8:40 am: We wish we could teach salvage techniques with boutique options to our students, but with classification “in limbo,” we are not able to do that, Heller said.

8:39 am: Pedicle screw strength is two-fold stronger, but comes with anatomical constraints and potential risks, Heller said.

8:38 am: Research from cadaver studies show that error rates should be less than 4% for lateral mass plating, Heller said.

8:37 am: According to Heller, wires do not hold rods well and could cause new spinal cord compression.

8:31 am: “Twenty years ago, we asked ourselves, ‘Why plates or screws?’ [It was an] innovation at the time. [It] allows us to rapidly mobilize without the encumbrance of halos and return [patients] to life as best they can,” Heller said.

8:30 am: “Wire works, but it’s not infallible. We find ourselves challenged with situations where surgical trauma required removal of laminae,” Heller said.

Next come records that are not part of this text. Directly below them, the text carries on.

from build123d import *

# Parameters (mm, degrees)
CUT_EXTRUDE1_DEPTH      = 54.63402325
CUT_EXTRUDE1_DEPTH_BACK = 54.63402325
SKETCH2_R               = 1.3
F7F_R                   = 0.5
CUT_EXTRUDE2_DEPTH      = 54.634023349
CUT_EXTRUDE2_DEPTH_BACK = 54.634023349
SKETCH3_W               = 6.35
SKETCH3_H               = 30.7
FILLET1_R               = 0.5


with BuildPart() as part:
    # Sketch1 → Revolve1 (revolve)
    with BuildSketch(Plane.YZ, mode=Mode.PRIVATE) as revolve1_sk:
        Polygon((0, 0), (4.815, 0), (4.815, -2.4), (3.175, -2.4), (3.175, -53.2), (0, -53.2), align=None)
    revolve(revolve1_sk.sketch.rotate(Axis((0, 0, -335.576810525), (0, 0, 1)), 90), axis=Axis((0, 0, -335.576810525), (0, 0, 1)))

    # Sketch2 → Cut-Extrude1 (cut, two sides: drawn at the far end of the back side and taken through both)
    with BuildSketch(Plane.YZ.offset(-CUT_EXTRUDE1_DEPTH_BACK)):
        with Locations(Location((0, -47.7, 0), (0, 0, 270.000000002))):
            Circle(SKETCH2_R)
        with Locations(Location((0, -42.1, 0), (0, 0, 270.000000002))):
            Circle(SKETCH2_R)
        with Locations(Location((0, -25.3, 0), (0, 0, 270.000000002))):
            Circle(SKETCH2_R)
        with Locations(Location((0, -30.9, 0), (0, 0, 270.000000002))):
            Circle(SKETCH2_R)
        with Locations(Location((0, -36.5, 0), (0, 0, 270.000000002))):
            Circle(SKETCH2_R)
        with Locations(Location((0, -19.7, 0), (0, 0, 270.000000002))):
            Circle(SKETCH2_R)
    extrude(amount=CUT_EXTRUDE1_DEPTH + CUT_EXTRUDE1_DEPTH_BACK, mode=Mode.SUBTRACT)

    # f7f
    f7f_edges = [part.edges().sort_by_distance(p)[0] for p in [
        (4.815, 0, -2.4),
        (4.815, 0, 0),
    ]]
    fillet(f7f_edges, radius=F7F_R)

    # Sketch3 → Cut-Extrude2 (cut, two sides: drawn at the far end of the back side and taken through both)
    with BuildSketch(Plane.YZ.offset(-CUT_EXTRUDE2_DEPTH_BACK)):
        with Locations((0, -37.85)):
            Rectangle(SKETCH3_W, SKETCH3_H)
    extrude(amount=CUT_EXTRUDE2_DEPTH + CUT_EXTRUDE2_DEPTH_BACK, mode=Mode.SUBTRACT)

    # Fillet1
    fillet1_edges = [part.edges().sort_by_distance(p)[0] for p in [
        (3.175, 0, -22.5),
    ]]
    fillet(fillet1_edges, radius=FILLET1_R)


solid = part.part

8:28 am: John G. Heller, MD, professor of orthopaedic surgery at Emory Spine Center, discusses the history of screws.

8:26 am: OSMA representative says other similar class II devices have been cleared by the FDA.

8:24 am: OSMA representative notes these systems are intended to provide immobility and stability of spinal segments as an adjunct to fusion during bone graft healing.

8:20 am: OSMA seeks certification of orthopedic cervical and lateral mass screws as class II devices.

8:19 am: Kelly proceeds to the presentation from the Orthopedic Surgical Manufacturers' Association (OSMA).

8:13 am: LCDR Sara Anderson, USPHS, designated federal officer of the FDA, makes conflict of interest statement. All members and consultants are special members of other agencies and are subject to conflict of interest laws.

8:08 am: Orthopaedic and Rehabilitation Devices Panel of the Medical Devices Advisory Committee Chairperson John D. Kelly IV, MD, associate professor of clinical orthopaedic surgery at the University of Pennsylvania, commences the meeting discussing recommendations regarding the classification of posterior cervical screws, including pedicle and lateral mass screws.